Absolut! Ich hab mich noch nie in einem Spiel so gegruselt, Dead Space inklusive. Und bei jedem Spieldurchlauf auf's Neue!


----------



## nitsuj1001 (28. November 2012)

Ich finde es schade es ihr keine einzige Mission von Warcraft 3 aufgezählt hat, wobei es doch in der Kampagne mehr als eine absolut epische Mission gab. Nur mal als Beispiel: Die letzte Nachtelfen Mission in der man den Weltenbaum vor Archimonde, der Geißel und der brennenden Legion beschützen muss.


----------



## 666-THEVIL (28. November 2012)

Wenn schon Call of Duty, dann muss aus Call of Duty 4 Modern Warfare All Ghillied Up rein.


----------



## Mothman (28. November 2012)

Mich hat damals "Death from Above" bei CoD4 ziemlich umgehauen. 
Nicht wegen des Anspruchs (war lächerlich einfach), nicht wegen der Spieldauer (war viel zu kurz), nicht wegen der Story (knall ab was sich bewegt), nicht wegen der Grafik (FLIR). Aber wegen der Atmosphäre und der Intensität der Darstellung.
Versteht mich nicht falsch: Ich bin gegen Krieg und ich verstehe durchaus die Kritik an der Mission. Daher denke ich, das ist auch nichts für eure Liste. Aber ich fand es schon irgendwie faszinierend (und damals auch neu) mit einem AC-130 Gunship die Gegend unsicher zu machen (oder sicherer, aus amerikanischer Sicht^^).
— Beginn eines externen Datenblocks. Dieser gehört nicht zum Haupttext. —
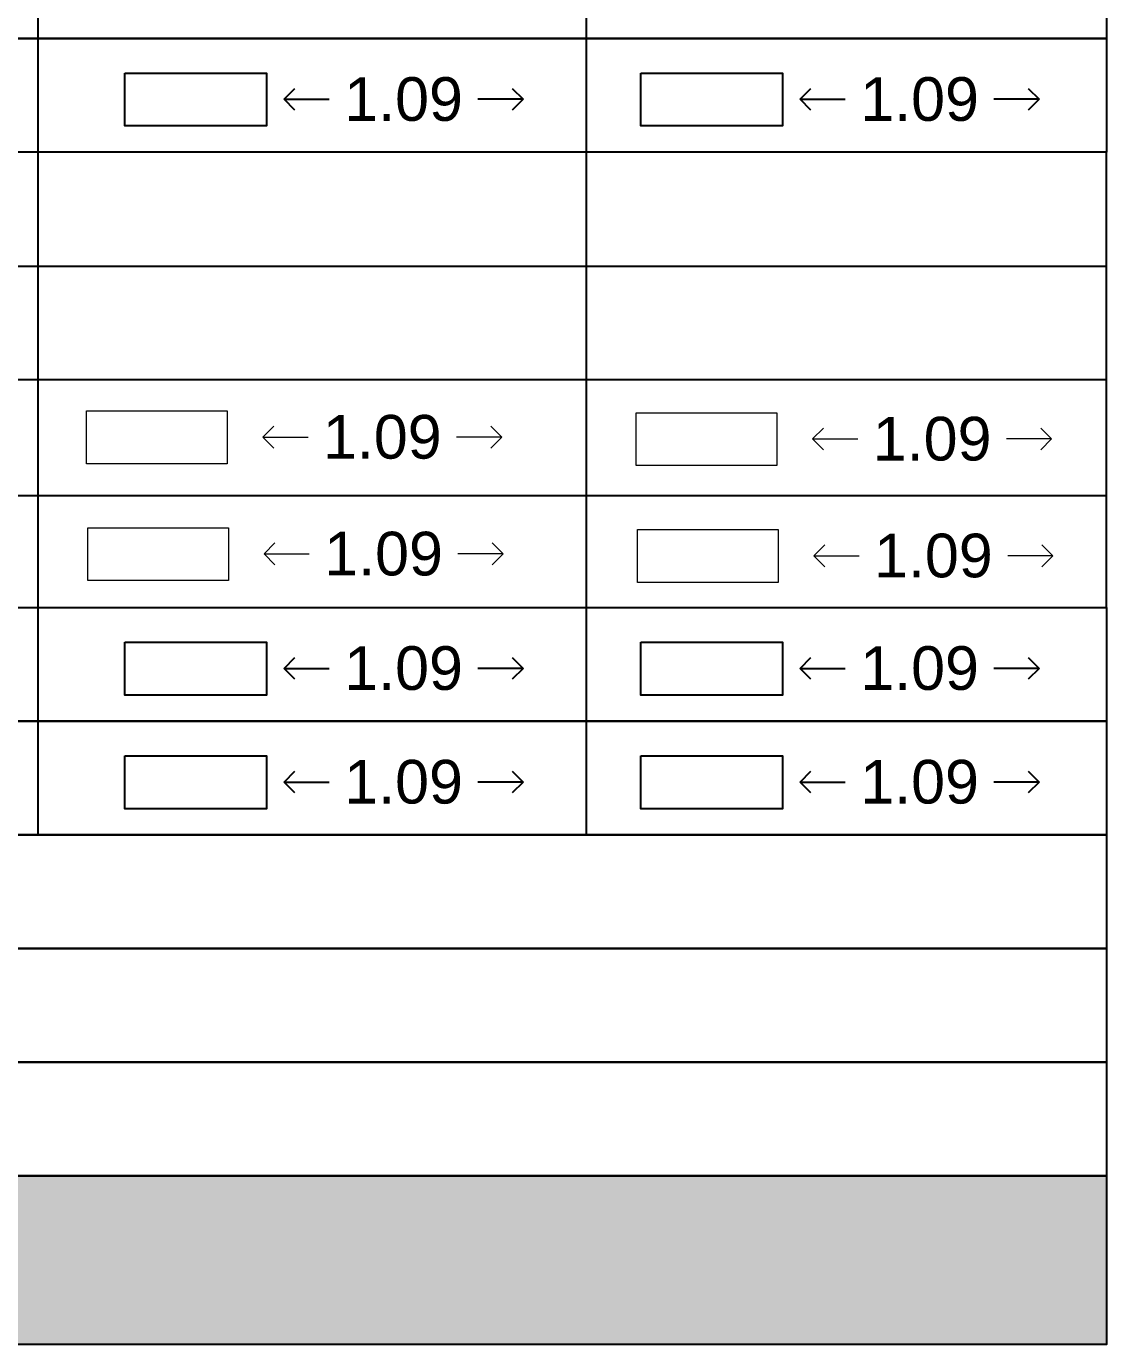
# Model space of a CAD drawing. Header units: millimetres. Extents: x -9481 to -9286, y 28700 to 28853.
# Drawn here: x -9447.18 to -9442.23, y 28749.67 to 28755.71 of the extents above; entities that cross this region are included whole.
import ezdxf

# ---------------------------------------------------------------- set-up
doc = ezdxf.new("R2010")
doc.units = ezdxf.units.MM
doc.header["$PDMODE"] = 34
doc.header["$PDSIZE"] = -15
doc.linetypes.add('CONTINULUS', pattern=[0])
doc.layers.add('BLK_1_FLR_-1_REGULAR_ROOM_1', color=7, linetype='Continuous', plot=False)
doc.layers.add('BLK_1_FLR_-2_REGULAR_ROOM_1', color=7, linetype='Continuous', plot=False)
for name, color, linetype in [('BLK_1_FLR_-1_ROOM_1_MEZ_AREA_1', 11, 'Continuous'), ('BLK_1_FLR_-1_ROOM_2_MEZ_AREA_1', 11, 'Continuous'), ('BLK_1_FLR_-2_ROOM_1_MEZ_AREA_1', 11, 'Continuous'), ('BLK_1_FLR_-2_ROOM_2_MEZ_AREA_1', 11, 'Continuous'), ('BLK_1_PLANTATION_GREENSTRIP', 7, 'Continuous'), ('HATCH', 7, 'Continuous')]:
    doc.layers.add(name, color=color, linetype=linetype)
for name, color, linetype, lineweight in [('BLK_1_FLR_-1_SERVICE_FLOOR', 7, 'Continuous', 0), ('BLK_1_FLR_-1_SERVICE_FLOOR_EXISTING', 7, 'Continuous', 0), ('BLK_1_FLR_-2_SERVICE_FLOOR', 7, 'Continuous', 0), ('BLK_1_FLR_-2_SERVICE_FLOOR_EXISTING', 7, 'Continuous', 0), ('PLAN', 7, 'Continuous', 40)]:
    doc.layers.add(name, color=color, linetype=linetype, lineweight=lineweight)
doc.styles.add('Arial', font='arial.ttf', dxfattribs={"height": 0.2})
doc.styles.add('style2', font='arial.ttf', dxfattribs={"height": 0.3})
doc.dimstyles.new('INT DIM', dxfattribs={"dimtxt": 0.3, "dimasz": 0.1, "dimexe": 0.18, "dimexo": 0.0625, "dimgap": 0.09, "dimtad": 0, "dimzin": 0, "dimdsep": 46, "dimtxsty": 'style2', "dimblk": 'OPEN90', "dimcen": 0.09, "dimse1": 1, "dimse2": 1, "dimclrd": 250, "dimclrt": 256, "dimadec": 0, "dimazin": 0, "dimtfac": 1, "dimtofl": 0, "dimtmove": 0, "dimatfit": 3, "dimfxl": 1, "dimtolj": 1, "dimtzin": 0, "dimlwd": -1, "dimarcsym": 0})

# ---------------------------------------------------------------- blocks, each defined once
blk = doc.blocks.new('J4')
at = {"layer": 'HATCH', "linetype": 'CONTINULUS', "ltscale": 0.05}
h = blk.add_hatch(color=241, dxfattribs=at)
h.dxf.hatch_style = 1
h.paths.add_polyline_path([(-9435.4551, 28796.7712), (-9435.4551, 28795.9979), (-9396.4272, 28795.9979), (-9396.4272, 28796.7712)])
blk.add_lwpolyline([(-9435.4551, 28796.7712), (-9396.4272, 28796.7712), (-9396.4272, 28795.9979), (-9435.4551, 28795.9979), (-9435.4551, 28796.7712)], close=True)
blk = doc.blocks.new('_Open90')
at = {"layer": 'PLAN', "color": 0, "lineweight": -2}
for p, q in [((0, 0), (-1, 0)), ((-0.5, 0.5), (0, 0)), ((0, 0), (-0.5, -0.5))]:
    blk.add_line(p, q, dxfattribs=at)
blk = doc.blocks.new('*D196')
at = {"layer": 'BLK_1_FLR_-1_REGULAR_ROOM_1', "color": 250}
for p, q in [((-9445.897941, 28755.37713), (-9445.790753, 28755.37713)), ((-9445.002965, 28755.37713), (-9445.110153, 28755.37713))]:
    blk.add_line(p, q, dxfattribs=at)
at = {"layer": 'Defpoints', "color": 0}
for p in [(-9445.997941, 28755.497205), (-9444.902965, 28755.497205), (-9444.902965, 28755.37713)]:
    blk.add_point(p, dxfattribs=at)
at = {"layer": 'BLK_1_FLR_-1_REGULAR_ROOM_1', "color": 250, "xscale": 0.1, "yscale": 0.1, "zscale": 0.1, "rotation": 180}
blk.add_blockref('_Open90', (-9445.997941, 28755.37713), dxfattribs=at)
at = {"layer": 'BLK_1_FLR_-1_REGULAR_ROOM_1', "color": 250, "xscale": 0.1, "yscale": 0.1, "zscale": 0.1}
blk.add_blockref('_Open90', (-9444.902965, 28755.37713), dxfattribs=at)
at = {"layer": 'BLK_1_FLR_-1_REGULAR_ROOM_1', "linetype": 'CONTINULUS', "ltscale": 0.05, "insert": (-9445.450453, 28755.37713), "char_height": 0.2, "attachment_point": 5, "style": 'Arial', "bg_fill": 3, "box_fill_scale": 1.1, "bg_fill_color": 256, "bg_fill_true_color": 13158600, "bg_fill_transparency": 0}
blk.add_mtext('\\A1;1.09', dxfattribs=at)
blk = doc.blocks.new('*D197')
at = {"layer": 'BLK_1_FLR_-2_REGULAR_ROOM_1', "color": 250}
for p, q in [((-9443.534248, 28755.37713), (-9443.42706, 28755.37713)), ((-9442.639272, 28755.37713), (-9442.74646, 28755.37713))]:
    blk.add_line(p, q, dxfattribs=at)
at = {"layer": 'Defpoints', "color": 0}
for p in [(-9443.634248, 28755.497205), (-9442.539272, 28755.497205), (-9442.539272, 28755.37713)]:
    blk.add_point(p, dxfattribs=at)
at = {"layer": 'BLK_1_FLR_-2_REGULAR_ROOM_1', "color": 250, "xscale": 0.1, "yscale": 0.1, "zscale": 0.1, "rotation": 180}
blk.add_blockref('_Open90', (-9443.634248, 28755.37713), dxfattribs=at)
at = {"layer": 'BLK_1_FLR_-2_REGULAR_ROOM_1', "color": 250, "xscale": 0.1, "yscale": 0.1, "zscale": 0.1}
blk.add_blockref('_Open90', (-9442.539272, 28755.37713), dxfattribs=at)
at = {"layer": 'BLK_1_FLR_-2_REGULAR_ROOM_1', "linetype": 'CONTINULUS', "ltscale": 0.05, "insert": (-9443.08676, 28755.37713), "char_height": 0.2, "attachment_point": 5, "style": 'Arial', "bg_fill": 3, "box_fill_scale": 1.1, "bg_fill_color": 256, "bg_fill_true_color": 13158600, "bg_fill_transparency": 0}
blk.add_mtext('\\A1;1.09', dxfattribs=at)
blk = doc.blocks.new('*D273')
at = {"layer": 'BLK_1_FLR_-1_ROOM_1_MEZ_AREA_1', "color": 250, "ltscale": 0.05}
for p, q in [((-9445.897941, 28752.770889), (-9445.790753, 28752.770889)), ((-9445.002965, 28752.770889), (-9445.110153, 28752.770889))]:
    blk.add_line(p, q, dxfattribs=at)
at = {"layer": 'Defpoints', "color": 0}
for p in [(-9445.997941, 28752.890964), (-9444.902965, 28752.890964), (-9444.902965, 28752.770889)]:
    blk.add_point(p, dxfattribs=at)
at = {"layer": 'BLK_1_FLR_-1_ROOM_1_MEZ_AREA_1', "color": 250, "xscale": 0.1, "yscale": 0.1, "zscale": 0.1, "rotation": 180}
blk.add_blockref('_Open90', (-9445.997941, 28752.770889), dxfattribs=at)
at = {"layer": 'BLK_1_FLR_-1_ROOM_1_MEZ_AREA_1', "color": 250, "xscale": 0.1, "yscale": 0.1, "zscale": 0.1}
blk.add_blockref('_Open90', (-9444.902965, 28752.770889), dxfattribs=at)
at = {"layer": 'BLK_1_FLR_-1_ROOM_1_MEZ_AREA_1', "linetype": 'CONTINULUS', "ltscale": 0.05, "insert": (-9445.450453, 28752.770889), "char_height": 0.2, "attachment_point": 5, "style": 'Arial', "bg_fill": 3, "box_fill_scale": 1.1, "bg_fill_color": 256, "bg_fill_true_color": 13158600, "bg_fill_transparency": 0}
blk.add_mtext('\\A1;1.09', dxfattribs=at)
blk = doc.blocks.new('*D274')
at = {"layer": 'BLK_1_FLR_-2_ROOM_1_MEZ_AREA_1', "color": 250, "ltscale": 0.05}
for p, q in [((-9443.534248, 28752.770889), (-9443.42706, 28752.770889)), ((-9442.639272, 28752.770889), (-9442.74646, 28752.770889))]:
    blk.add_line(p, q, dxfattribs=at)
at = {"layer": 'Defpoints', "color": 0}
for p in [(-9443.634248, 28752.890964), (-9442.539272, 28752.890964), (-9442.539272, 28752.770889)]:
    blk.add_point(p, dxfattribs=at)
at = {"layer": 'BLK_1_FLR_-2_ROOM_1_MEZ_AREA_1', "color": 250, "xscale": 0.1, "yscale": 0.1, "zscale": 0.1, "rotation": 180}
blk.add_blockref('_Open90', (-9443.634248, 28752.770889), dxfattribs=at)
at = {"layer": 'BLK_1_FLR_-2_ROOM_1_MEZ_AREA_1', "color": 250, "xscale": 0.1, "yscale": 0.1, "zscale": 0.1}
blk.add_blockref('_Open90', (-9442.539272, 28752.770889), dxfattribs=at)
at = {"layer": 'BLK_1_FLR_-2_ROOM_1_MEZ_AREA_1', "linetype": 'CONTINULUS', "ltscale": 0.05, "insert": (-9443.08676, 28752.770889), "char_height": 0.2, "attachment_point": 5, "style": 'Arial', "bg_fill": 3, "box_fill_scale": 1.1, "bg_fill_color": 256, "bg_fill_true_color": 13158600, "bg_fill_transparency": 0}
blk.add_mtext('\\A1;1.09', dxfattribs=at)
blk = doc.blocks.new('*D280')
at = {"layer": 'BLK_1_FLR_-1_ROOM_2_MEZ_AREA_1', "color": 250, "ltscale": 0.05}
for p, q in [((-9445.897941, 28752.250242), (-9445.790753, 28752.250242)), ((-9445.002965, 28752.250242), (-9445.110153, 28752.250242))]:
    blk.add_line(p, q, dxfattribs=at)
at = {"layer": 'Defpoints', "color": 0}
for p in [(-9445.997941, 28752.370317), (-9444.902965, 28752.370317), (-9444.902965, 28752.250242)]:
    blk.add_point(p, dxfattribs=at)
at = {"layer": 'BLK_1_FLR_-1_ROOM_2_MEZ_AREA_1', "color": 250, "xscale": 0.1, "yscale": 0.1, "zscale": 0.1, "rotation": 180}
blk.add_blockref('_Open90', (-9445.997941, 28752.250242), dxfattribs=at)
at = {"layer": 'BLK_1_FLR_-1_ROOM_2_MEZ_AREA_1', "color": 250, "xscale": 0.1, "yscale": 0.1, "zscale": 0.1}
blk.add_blockref('_Open90', (-9444.902965, 28752.250242), dxfattribs=at)
at = {"layer": 'BLK_1_FLR_-1_ROOM_2_MEZ_AREA_1', "linetype": 'CONTINULUS', "ltscale": 0.05, "insert": (-9445.450453, 28752.250242), "char_height": 0.2, "attachment_point": 5, "style": 'Arial', "bg_fill": 3, "box_fill_scale": 1.1, "bg_fill_color": 256, "bg_fill_true_color": 13158600, "bg_fill_transparency": 0}
blk.add_mtext('\\A1;1.09', dxfattribs=at)
blk = doc.blocks.new('*D281')
at = {"layer": 'BLK_1_FLR_-2_ROOM_2_MEZ_AREA_1', "color": 250, "ltscale": 0.05}
for p, q in [((-9443.534248, 28752.250242), (-9443.42706, 28752.250242)), ((-9442.639272, 28752.250242), (-9442.74646, 28752.250242))]:
    blk.add_line(p, q, dxfattribs=at)
at = {"layer": 'Defpoints', "color": 0}
for p in [(-9443.634248, 28752.370317), (-9442.539272, 28752.370317), (-9442.539272, 28752.250242)]:
    blk.add_point(p, dxfattribs=at)
at = {"layer": 'BLK_1_FLR_-2_ROOM_2_MEZ_AREA_1', "color": 250, "xscale": 0.1, "yscale": 0.1, "zscale": 0.1, "rotation": 180}
blk.add_blockref('_Open90', (-9443.634248, 28752.250242), dxfattribs=at)
at = {"layer": 'BLK_1_FLR_-2_ROOM_2_MEZ_AREA_1', "color": 250, "xscale": 0.1, "yscale": 0.1, "zscale": 0.1}
blk.add_blockref('_Open90', (-9442.539272, 28752.250242), dxfattribs=at)
at = {"layer": 'BLK_1_FLR_-2_ROOM_2_MEZ_AREA_1', "linetype": 'CONTINULUS', "ltscale": 0.05, "insert": (-9443.08676, 28752.250242), "char_height": 0.2, "attachment_point": 5, "style": 'Arial', "bg_fill": 3, "box_fill_scale": 1.1, "bg_fill_color": 256, "bg_fill_true_color": 13158600, "bg_fill_transparency": 0}
blk.add_mtext('\\A1;1.09', dxfattribs=at)
blk = doc.blocks.new('*D326')
at = {"layer": 'BLK_1_FLR_-1_SERVICE_FLOOR', "color": 250, "ltscale": 0.05}
for p, q in [((-9445.995344, 28753.830115), (-9445.888156, 28753.830115)), ((-9445.100368, 28753.830115), (-9445.207556, 28753.830115))]:
    blk.add_line(p, q, dxfattribs=at)
at = {"layer": 'Defpoints', "color": 0}
for p in [(-9446.095344, 28753.95019), (-9445.000368, 28753.95019), (-9445.000368, 28753.830115)]:
    blk.add_point(p, dxfattribs=at)
at = {"layer": 'BLK_1_FLR_-1_SERVICE_FLOOR', "color": 250, "xscale": 0.1, "yscale": 0.1, "zscale": 0.1, "rotation": 180}
blk.add_blockref('_Open90', (-9446.095344, 28753.830115), dxfattribs=at)
at = {"layer": 'BLK_1_FLR_-1_SERVICE_FLOOR', "color": 250, "xscale": 0.1, "yscale": 0.1, "zscale": 0.1}
blk.add_blockref('_Open90', (-9445.000368, 28753.830115), dxfattribs=at)
at = {"layer": 'BLK_1_FLR_-1_SERVICE_FLOOR', "linetype": 'CONTINULUS', "ltscale": 0.05, "insert": (-9445.547856, 28753.830115), "char_height": 0.2, "attachment_point": 5, "style": 'Arial', "bg_fill": 3, "box_fill_scale": 1.1, "bg_fill_color": 256, "bg_fill_true_color": 13158600, "bg_fill_transparency": 0}
blk.add_mtext('\\A1;1.09', dxfattribs=at)
blk = doc.blocks.new('*D327')
at = {"layer": 'BLK_1_FLR_-2_SERVICE_FLOOR', "color": 250, "ltscale": 0.05}
for p, q in [((-9443.476748, 28753.821446), (-9443.36956, 28753.821446)), ((-9442.581772, 28753.821446), (-9442.68896, 28753.821446))]:
    blk.add_line(p, q, dxfattribs=at)
at = {"layer": 'Defpoints', "color": 0}
for p in [(-9443.576748, 28753.94152), (-9442.481772, 28753.94152), (-9442.481772, 28753.821446)]:
    blk.add_point(p, dxfattribs=at)
at = {"layer": 'BLK_1_FLR_-2_SERVICE_FLOOR', "color": 250, "xscale": 0.1, "yscale": 0.1, "zscale": 0.1, "rotation": 180}
blk.add_blockref('_Open90', (-9443.576748, 28753.821446), dxfattribs=at)
at = {"layer": 'BLK_1_FLR_-2_SERVICE_FLOOR', "color": 250, "xscale": 0.1, "yscale": 0.1, "zscale": 0.1}
blk.add_blockref('_Open90', (-9442.481772, 28753.821446), dxfattribs=at)
at = {"layer": 'BLK_1_FLR_-2_SERVICE_FLOOR', "linetype": 'CONTINULUS', "ltscale": 0.05, "insert": (-9443.02926, 28753.821446), "char_height": 0.2, "attachment_point": 5, "style": 'Arial', "bg_fill": 3, "box_fill_scale": 1.1, "bg_fill_color": 256, "bg_fill_true_color": 13158600, "bg_fill_transparency": 0}
blk.add_mtext('\\A1;1.09', dxfattribs=at)
blk = doc.blocks.new('*D333')
at = {"layer": 'BLK_1_FLR_-1_SERVICE_FLOOR_EXISTING', "color": 250, "ltscale": 0.05}
for p, q in [((-9445.9896, 28753.2951), (-9445.8824, 28753.2951)), ((-9445.0947, 28753.2951), (-9445.2018, 28753.2951))]:
    blk.add_line(p, q, dxfattribs=at)
at = {"layer": 'Defpoints', "color": 0}
for p in [(-9446.0896, 28753.4152), (-9444.9947, 28753.4152), (-9444.9947, 28753.2951)]:
    blk.add_point(p, dxfattribs=at)
at = {"layer": 'BLK_1_FLR_-1_SERVICE_FLOOR_EXISTING', "color": 250, "xscale": 0.1, "yscale": 0.1, "zscale": 0.1, "rotation": 180}
blk.add_blockref('_Open90', (-9446.0896, 28753.2951), dxfattribs=at)
at = {"layer": 'BLK_1_FLR_-1_SERVICE_FLOOR_EXISTING', "color": 250, "xscale": 0.1, "yscale": 0.1, "zscale": 0.1}
blk.add_blockref('_Open90', (-9444.9947, 28753.2951), dxfattribs=at)
at = {"layer": 'BLK_1_FLR_-1_SERVICE_FLOOR_EXISTING', "linetype": 'CONTINULUS', "ltscale": 0.05, "insert": (-9445.5421, 28753.2951), "char_height": 0.2, "attachment_point": 5, "style": 'Arial', "bg_fill": 3, "box_fill_scale": 1.1, "bg_fill_color": 256, "bg_fill_true_color": 13158600, "bg_fill_transparency": 0}
blk.add_mtext('\\A1;1.09', dxfattribs=at)
blk = doc.blocks.new('*D334')
at = {"layer": 'BLK_1_FLR_-2_SERVICE_FLOOR_EXISTING', "color": 250, "ltscale": 0.05}
for p, q in [((-9443.471037, 28753.286443), (-9443.363849, 28753.286443)), ((-9442.576061, 28753.286443), (-9442.683249, 28753.286443))]:
    blk.add_line(p, q, dxfattribs=at)
at = {"layer": 'Defpoints', "color": 0}
for p in [(-9443.571037, 28753.406517), (-9442.476061, 28753.406517), (-9442.476061, 28753.286443)]:
    blk.add_point(p, dxfattribs=at)
at = {"layer": 'BLK_1_FLR_-2_SERVICE_FLOOR_EXISTING', "color": 250, "xscale": 0.1, "yscale": 0.1, "zscale": 0.1, "rotation": 180}
blk.add_blockref('_Open90', (-9443.571037, 28753.286443), dxfattribs=at)
at = {"layer": 'BLK_1_FLR_-2_SERVICE_FLOOR_EXISTING', "color": 250, "xscale": 0.1, "yscale": 0.1, "zscale": 0.1}
blk.add_blockref('_Open90', (-9442.476061, 28753.286443), dxfattribs=at)
at = {"layer": 'BLK_1_FLR_-2_SERVICE_FLOOR_EXISTING', "linetype": 'CONTINULUS', "ltscale": 0.05, "insert": (-9443.023549, 28753.286443), "char_height": 0.2, "attachment_point": 5, "style": 'Arial', "bg_fill": 3, "box_fill_scale": 1.1, "bg_fill_color": 256, "bg_fill_true_color": 13158600, "bg_fill_transparency": 0}
blk.add_mtext('\\A1;1.09', dxfattribs=at)

msp = doc.modelspace()

# ---------------------------------------------------------------- linework, layer by layer
for p, q in [((-9447.126291, 28756.17676), (-9447.126291, 28755.656113)), ((-9444.614149, 28756.17676), (-9444.614149, 28755.656113)), ((-9447.126291, 28755.656113), (-9447.126291, 28755.135466)), ((-9447.126291, 28755.654609), (-9447.126291, 28755.133962)), ((-9447.126291, 28755.654609), (-9447.126291, 28753.049871)), ((-9444.614149, 28755.656113), (-9444.614149, 28755.135466)), ((-9444.614149, 28755.654609), (-9444.614149, 28755.133962)), ((-9444.614149, 28755.654609), (-9444.614149, 28753.049871)), ((-9442.229952, 28753.049871), (-9442.229952, 28755.133962)), ((-9481.2579, 28754.612763), (-9442.229952, 28754.612763)), ((-9481.2579, 28754.094425), (-9442.229952, 28754.094425)), ((-9481.2579, 28753.562373), (-9442.229952, 28753.562373)), ((-9442.229952, 28753.562373), (-9442.229952, 28753.562373)), ((-9447.126291, 28753.049871), (-9447.126291, 28752.529224)), ((-9444.614149, 28753.049871), (-9444.614149, 28752.529224)), ((-9447.126291, 28752.529224), (-9447.126291, 28752.008577)), ((-9444.614149, 28752.529224), (-9444.614149, 28752.008577))]:
    msp.add_line(p, q)
for points in [[(-9461.731845, 28756.17676), (-9442.229952, 28756.17676), (-9442.229952, 28755.656113), (-9461.731845, 28755.656113)], [(-9461.731845, 28755.656113), (-9442.229952, 28755.656113), (-9442.229952, 28755.135466), (-9481.2579, 28755.135466)], [(-9481.2579, 28751.48793), (-9481.2579, 28752.008577), (-9442.229952, 28752.008577), (-9442.229952, 28751.48793), (-9457.862239, 28751.48793)], [(-9470.864214, 28751.48793), (-9442.229952, 28751.48793), (-9442.229952, 28750.967283), (-9457.862239, 28750.967283)], [(-9461.731845, 28750.967283), (-9442.229952, 28750.967283), (-9442.229952, 28750.446637), (-9481.2579, 28750.446637), (-9481.2579, 28750.967283)]]:
    msp.add_lwpolyline(points)
at = {"layer": 'BLK_1_FLR_-1_REGULAR_ROOM_1', "color": 37}
msp.add_lwpolyline([(-9446.727778, 28755.497205), (-9446.078597, 28755.497205), (-9446.078597, 28755.255056), (-9446.727778, 28755.255056)], close=True, dxfattribs=at)
at = {"layer": 'BLK_1_FLR_-1_ROOM_1_MEZ_AREA_1', "color": 11, "linetype": 'CONTINULUS', "ltscale": 0.05}
msp.add_lwpolyline([(-9446.727778, 28752.890964), (-9446.078597, 28752.890964), (-9446.078597, 28752.648814), (-9446.727778, 28752.648814)], close=True, dxfattribs=at)
at = {"layer": 'BLK_1_FLR_-1_ROOM_2_MEZ_AREA_1', "color": 11, "linetype": 'CONTINULUS', "ltscale": 0.05}
msp.add_lwpolyline([(-9446.727778, 28752.370317), (-9446.078597, 28752.370317), (-9446.078597, 28752.128167), (-9446.727778, 28752.128167)], close=True, dxfattribs=at)
at = {"layer": 'BLK_1_FLR_-1_SERVICE_FLOOR', "color": 11, "linetype": 'CONTINULUS', "ltscale": 0.05}
msp.add_lwpolyline([(-9446.903153, 28753.950165), (-9446.258743, 28753.950165), (-9446.258743, 28753.708015), (-9446.903153, 28753.708015)], close=True, dxfattribs=at)
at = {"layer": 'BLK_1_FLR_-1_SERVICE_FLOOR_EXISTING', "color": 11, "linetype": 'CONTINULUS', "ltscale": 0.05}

Ich möchte den Level jetzt nicht als "gut"  bezeichnen, aber er wird mir definitiv noch lange in Erinnerung bleiben.


----------



## sauerlandboy79 (28. November 2012)

An "Omaha Beach" denke ich bis heute gern zurück. Dieser MoH-Level war schon sehr prägend über die vielen Jahre danach.


----------



## MaxFalkenstern (28. November 2012)

nitsuj1001 schrieb:


> Ich finde es schade es ihr keine einzige Mission von Warcraft 3 aufgezählt hat, wobei es doch in der Kampagne mehr als eine absolut epische Mission gab. Nur mal als Beispiel: Die letzte Nachtelfen Mission in der man den Weltenbaum vor Archimonde, der Geißel und der brennenden Legion beschützen muss.


 
Wir haben uns für zehn Levels entschieden, solche Top-Listen sind leider nie vollständig. Aber ja: Die Warcraft 3-Missionen waren wirklich großartig. Ich hätte mich hier allerdings für diese Rollenspiel-ähnliche Kampagne mit Rexar (so heißt er, glaub ich) entschieden, die im Addon enthalten war.


----------



## stawacz (28. November 2012)

am meisten sind mir eigentlich die batman teile in erinnerung geblieben..der scarecrow level war ziemlich geil..aber auch viele andere passagen im spiel waren einfach der hammer

überhaupt war batman AA und AC spiele dir mir am meisten in erinnerung geblieben sind,,kann ich nur jedem empfehlen sich die mal anzuschauen


----------



## major-tom4 (28. November 2012)

de-Jo schrieb:


> Mir würd noch "Das Ocean House Hotel" aus Vampires the Masquerade: Bloodlines einfallen. Krasse Atmosphäre.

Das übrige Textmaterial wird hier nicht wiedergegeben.